Un día, mientras revisaba Netflix, me sugirieron la serie “Street Food Asia” y allí apareció mi musa, “Mbah Satinem”, una mujer que vendía postres en una esquina de la calle. Mbah Satinem era un verdadero tesoro; su piel quemada por el sol, sus arrugas, su cuerpo deformado por el paso del tiempo y sus manos de esfuerzo mostraban su felicidad al cocinar y vender su comida. Ella encarnaba la idea de que en la imperfección se encuentra la sublime perfección.

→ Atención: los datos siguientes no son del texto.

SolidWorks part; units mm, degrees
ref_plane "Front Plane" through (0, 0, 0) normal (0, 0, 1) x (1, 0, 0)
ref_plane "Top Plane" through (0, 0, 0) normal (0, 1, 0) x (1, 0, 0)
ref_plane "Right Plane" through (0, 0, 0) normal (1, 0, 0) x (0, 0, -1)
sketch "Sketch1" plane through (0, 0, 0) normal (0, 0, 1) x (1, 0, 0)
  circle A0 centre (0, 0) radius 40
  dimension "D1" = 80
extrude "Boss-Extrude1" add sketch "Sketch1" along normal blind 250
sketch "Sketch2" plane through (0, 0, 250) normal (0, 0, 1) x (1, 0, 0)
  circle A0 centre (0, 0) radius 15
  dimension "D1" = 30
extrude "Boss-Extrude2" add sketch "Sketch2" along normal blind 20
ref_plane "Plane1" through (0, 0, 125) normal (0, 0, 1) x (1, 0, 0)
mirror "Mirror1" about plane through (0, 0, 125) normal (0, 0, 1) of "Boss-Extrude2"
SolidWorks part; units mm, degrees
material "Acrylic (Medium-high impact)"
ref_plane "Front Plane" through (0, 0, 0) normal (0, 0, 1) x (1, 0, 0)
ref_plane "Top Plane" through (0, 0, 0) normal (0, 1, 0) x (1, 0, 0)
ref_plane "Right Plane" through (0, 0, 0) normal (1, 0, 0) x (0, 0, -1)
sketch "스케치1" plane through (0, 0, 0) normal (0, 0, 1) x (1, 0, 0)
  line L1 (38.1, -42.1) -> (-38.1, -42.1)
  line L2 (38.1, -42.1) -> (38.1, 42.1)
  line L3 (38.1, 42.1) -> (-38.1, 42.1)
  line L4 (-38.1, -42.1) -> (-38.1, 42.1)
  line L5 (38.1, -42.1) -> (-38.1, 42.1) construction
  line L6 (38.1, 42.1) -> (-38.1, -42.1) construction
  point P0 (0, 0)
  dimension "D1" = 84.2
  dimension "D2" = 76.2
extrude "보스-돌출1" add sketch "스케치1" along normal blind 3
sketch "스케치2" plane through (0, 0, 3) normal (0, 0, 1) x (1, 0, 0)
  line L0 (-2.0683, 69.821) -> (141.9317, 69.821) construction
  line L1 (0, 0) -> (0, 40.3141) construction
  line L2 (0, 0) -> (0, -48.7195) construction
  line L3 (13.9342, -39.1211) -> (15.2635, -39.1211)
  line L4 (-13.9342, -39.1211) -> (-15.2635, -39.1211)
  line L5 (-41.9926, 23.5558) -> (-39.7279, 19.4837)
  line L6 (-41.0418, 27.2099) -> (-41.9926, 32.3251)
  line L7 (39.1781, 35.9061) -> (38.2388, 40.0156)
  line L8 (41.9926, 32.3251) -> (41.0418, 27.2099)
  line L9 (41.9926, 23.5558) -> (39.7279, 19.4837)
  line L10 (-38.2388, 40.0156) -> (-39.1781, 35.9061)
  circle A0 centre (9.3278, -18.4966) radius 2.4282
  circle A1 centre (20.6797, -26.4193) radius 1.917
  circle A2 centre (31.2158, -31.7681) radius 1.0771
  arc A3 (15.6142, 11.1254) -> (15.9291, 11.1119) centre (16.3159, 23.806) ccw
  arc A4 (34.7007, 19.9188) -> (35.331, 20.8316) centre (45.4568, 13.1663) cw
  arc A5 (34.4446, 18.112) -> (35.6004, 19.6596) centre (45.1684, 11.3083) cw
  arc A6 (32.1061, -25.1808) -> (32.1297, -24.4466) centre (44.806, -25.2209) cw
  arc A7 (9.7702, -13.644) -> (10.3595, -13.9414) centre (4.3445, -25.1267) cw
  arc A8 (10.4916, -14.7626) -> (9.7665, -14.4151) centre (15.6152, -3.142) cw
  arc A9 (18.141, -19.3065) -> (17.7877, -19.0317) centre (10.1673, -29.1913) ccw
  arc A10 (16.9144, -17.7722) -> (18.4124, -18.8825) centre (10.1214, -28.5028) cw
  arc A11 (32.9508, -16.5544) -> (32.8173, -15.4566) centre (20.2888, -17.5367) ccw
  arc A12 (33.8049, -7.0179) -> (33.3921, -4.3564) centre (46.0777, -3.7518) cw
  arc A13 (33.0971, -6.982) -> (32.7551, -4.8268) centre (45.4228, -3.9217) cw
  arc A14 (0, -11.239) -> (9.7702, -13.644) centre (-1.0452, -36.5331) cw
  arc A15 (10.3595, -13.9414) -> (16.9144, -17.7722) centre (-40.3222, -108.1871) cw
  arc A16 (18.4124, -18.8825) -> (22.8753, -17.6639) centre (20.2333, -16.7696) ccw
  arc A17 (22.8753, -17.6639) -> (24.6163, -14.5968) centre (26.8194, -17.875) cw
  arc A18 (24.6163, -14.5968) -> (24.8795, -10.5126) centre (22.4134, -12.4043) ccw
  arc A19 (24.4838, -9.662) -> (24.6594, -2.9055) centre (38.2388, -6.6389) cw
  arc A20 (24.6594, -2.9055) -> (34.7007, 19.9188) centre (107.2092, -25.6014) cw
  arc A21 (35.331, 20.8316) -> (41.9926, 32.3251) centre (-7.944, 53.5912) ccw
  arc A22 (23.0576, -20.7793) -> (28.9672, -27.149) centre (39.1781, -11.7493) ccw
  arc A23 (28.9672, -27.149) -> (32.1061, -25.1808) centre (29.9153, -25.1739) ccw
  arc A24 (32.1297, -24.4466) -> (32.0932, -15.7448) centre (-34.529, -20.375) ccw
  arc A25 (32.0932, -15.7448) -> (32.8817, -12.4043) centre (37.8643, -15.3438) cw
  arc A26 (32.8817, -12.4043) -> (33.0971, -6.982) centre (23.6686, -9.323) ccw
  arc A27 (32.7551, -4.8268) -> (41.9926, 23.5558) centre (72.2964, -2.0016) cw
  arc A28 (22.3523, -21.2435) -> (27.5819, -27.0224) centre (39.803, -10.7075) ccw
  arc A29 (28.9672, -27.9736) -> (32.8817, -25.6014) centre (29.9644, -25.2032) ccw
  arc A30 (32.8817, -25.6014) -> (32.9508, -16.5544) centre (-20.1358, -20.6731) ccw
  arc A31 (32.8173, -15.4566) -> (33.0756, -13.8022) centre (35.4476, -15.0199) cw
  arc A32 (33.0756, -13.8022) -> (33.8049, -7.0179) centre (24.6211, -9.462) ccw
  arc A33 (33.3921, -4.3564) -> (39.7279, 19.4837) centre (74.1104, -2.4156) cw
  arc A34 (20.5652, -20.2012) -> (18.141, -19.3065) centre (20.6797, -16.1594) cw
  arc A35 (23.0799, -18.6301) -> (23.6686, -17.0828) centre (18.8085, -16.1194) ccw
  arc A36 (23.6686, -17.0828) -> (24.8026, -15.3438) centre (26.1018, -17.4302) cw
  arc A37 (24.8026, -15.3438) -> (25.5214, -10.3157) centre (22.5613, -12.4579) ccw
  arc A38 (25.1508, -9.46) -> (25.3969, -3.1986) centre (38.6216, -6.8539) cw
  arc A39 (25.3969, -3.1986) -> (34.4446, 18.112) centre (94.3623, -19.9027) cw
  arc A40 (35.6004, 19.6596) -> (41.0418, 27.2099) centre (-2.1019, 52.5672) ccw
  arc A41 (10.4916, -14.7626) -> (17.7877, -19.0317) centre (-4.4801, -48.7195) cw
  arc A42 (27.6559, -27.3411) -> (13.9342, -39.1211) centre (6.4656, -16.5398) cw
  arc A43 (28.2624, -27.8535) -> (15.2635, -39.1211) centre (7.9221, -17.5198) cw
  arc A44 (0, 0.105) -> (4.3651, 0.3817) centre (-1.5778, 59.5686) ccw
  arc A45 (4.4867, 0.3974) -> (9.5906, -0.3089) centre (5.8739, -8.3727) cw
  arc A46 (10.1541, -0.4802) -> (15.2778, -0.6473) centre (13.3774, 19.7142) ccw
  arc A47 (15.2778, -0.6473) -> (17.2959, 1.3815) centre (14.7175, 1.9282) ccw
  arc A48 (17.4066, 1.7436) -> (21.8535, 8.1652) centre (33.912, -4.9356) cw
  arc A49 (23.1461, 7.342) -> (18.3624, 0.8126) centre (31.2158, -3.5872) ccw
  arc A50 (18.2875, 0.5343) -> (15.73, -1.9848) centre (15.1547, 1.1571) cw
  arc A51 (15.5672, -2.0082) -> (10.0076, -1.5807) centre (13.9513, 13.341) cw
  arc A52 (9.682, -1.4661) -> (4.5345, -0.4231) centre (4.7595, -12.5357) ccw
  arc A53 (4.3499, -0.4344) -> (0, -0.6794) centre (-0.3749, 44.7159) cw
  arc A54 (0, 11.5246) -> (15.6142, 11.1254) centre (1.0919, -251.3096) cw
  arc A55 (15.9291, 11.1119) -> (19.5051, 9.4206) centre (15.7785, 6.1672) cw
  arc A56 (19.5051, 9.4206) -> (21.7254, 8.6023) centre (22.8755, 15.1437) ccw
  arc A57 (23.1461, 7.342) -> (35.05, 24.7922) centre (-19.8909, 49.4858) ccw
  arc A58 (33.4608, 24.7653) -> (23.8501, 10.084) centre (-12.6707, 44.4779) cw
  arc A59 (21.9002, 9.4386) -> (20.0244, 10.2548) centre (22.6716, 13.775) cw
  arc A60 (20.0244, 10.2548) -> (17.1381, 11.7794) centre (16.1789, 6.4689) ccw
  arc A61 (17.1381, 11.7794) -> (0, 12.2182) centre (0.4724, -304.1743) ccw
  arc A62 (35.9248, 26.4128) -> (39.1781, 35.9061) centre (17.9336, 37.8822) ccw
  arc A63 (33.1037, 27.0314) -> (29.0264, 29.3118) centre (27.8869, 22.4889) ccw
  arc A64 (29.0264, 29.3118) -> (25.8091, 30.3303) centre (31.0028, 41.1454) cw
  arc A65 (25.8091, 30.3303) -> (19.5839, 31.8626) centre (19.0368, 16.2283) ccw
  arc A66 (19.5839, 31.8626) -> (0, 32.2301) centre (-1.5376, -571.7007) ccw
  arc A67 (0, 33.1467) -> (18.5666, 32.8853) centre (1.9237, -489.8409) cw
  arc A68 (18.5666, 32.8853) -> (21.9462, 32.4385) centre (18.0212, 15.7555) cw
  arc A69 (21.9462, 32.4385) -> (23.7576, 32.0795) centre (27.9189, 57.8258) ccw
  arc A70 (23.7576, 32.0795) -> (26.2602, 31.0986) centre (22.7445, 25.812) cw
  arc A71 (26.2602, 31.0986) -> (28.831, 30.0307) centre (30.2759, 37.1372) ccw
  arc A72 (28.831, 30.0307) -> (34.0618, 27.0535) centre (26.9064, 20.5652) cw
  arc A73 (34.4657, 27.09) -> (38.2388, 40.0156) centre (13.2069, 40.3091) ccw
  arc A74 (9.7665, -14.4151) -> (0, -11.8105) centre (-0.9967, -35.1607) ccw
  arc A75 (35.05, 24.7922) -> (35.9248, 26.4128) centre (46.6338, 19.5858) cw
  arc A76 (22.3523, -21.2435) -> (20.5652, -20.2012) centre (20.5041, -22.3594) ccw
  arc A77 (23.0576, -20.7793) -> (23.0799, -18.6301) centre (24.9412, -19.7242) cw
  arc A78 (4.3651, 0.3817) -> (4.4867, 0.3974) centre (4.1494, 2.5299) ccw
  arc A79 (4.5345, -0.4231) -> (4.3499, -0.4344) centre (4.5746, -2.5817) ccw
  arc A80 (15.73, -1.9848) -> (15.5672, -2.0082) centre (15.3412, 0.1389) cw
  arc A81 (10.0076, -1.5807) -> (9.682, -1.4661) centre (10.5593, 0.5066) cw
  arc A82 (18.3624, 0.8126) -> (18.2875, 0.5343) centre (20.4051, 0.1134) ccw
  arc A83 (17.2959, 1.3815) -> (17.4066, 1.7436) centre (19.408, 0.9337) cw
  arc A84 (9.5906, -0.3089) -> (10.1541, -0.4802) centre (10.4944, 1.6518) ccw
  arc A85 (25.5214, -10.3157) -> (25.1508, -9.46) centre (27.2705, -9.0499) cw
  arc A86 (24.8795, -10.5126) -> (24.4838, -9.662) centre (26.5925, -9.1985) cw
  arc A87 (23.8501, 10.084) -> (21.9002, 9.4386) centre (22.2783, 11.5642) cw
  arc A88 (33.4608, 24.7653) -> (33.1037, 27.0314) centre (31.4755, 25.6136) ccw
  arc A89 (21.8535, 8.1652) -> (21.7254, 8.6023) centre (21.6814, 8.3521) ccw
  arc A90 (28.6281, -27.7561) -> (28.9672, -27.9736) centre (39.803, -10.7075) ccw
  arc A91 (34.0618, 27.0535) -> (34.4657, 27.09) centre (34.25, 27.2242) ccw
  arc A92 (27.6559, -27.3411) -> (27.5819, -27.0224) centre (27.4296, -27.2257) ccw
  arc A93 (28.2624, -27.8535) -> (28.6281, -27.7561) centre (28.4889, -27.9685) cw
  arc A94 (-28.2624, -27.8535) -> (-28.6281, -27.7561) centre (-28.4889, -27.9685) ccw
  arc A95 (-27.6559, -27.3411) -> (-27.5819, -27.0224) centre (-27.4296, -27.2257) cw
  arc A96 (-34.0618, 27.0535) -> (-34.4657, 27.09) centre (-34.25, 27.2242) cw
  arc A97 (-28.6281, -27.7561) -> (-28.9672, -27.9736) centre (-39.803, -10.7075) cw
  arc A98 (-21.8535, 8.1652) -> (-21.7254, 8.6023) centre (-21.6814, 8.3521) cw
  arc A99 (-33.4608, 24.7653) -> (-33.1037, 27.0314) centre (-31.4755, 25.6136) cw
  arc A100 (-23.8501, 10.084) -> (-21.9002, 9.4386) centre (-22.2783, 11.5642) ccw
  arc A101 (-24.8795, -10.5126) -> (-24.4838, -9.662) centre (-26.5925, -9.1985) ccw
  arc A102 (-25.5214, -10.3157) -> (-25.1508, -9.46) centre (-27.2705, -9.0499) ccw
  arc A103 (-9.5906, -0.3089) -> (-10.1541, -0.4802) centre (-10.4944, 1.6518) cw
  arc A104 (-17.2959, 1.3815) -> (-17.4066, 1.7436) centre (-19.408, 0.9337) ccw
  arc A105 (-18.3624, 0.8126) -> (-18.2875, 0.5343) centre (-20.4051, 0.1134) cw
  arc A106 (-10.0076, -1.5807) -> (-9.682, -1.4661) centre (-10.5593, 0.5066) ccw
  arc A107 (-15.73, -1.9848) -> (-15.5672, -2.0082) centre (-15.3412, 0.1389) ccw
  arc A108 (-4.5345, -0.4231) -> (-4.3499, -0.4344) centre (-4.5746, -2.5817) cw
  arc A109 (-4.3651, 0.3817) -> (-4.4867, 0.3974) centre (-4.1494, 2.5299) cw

Quería mostrar al mundo ese sentimiento de plenitud, ese instante en el que te das cuenta de que eres feliz y tu cuerpo lo siente. Ese segundo lo inmortalicé en “Tesoro callejero”. No solo capturé su rostro, sino también sus manos, las más bellas del mundo, y su actitud frente a la vida mientras ofrecía su “tesoro” culinario.
Este proyecto marcó el inicio de mi pasión por lo sublime y etéreo de los estados de ánimo, las sensaciones y las emociones, y cómo se encarnan en el cuerpo. “Tesoro callejero” fue el primer esbozo de lo que se convertiría en mi pasión por el lenguaje ancestral del arte textil.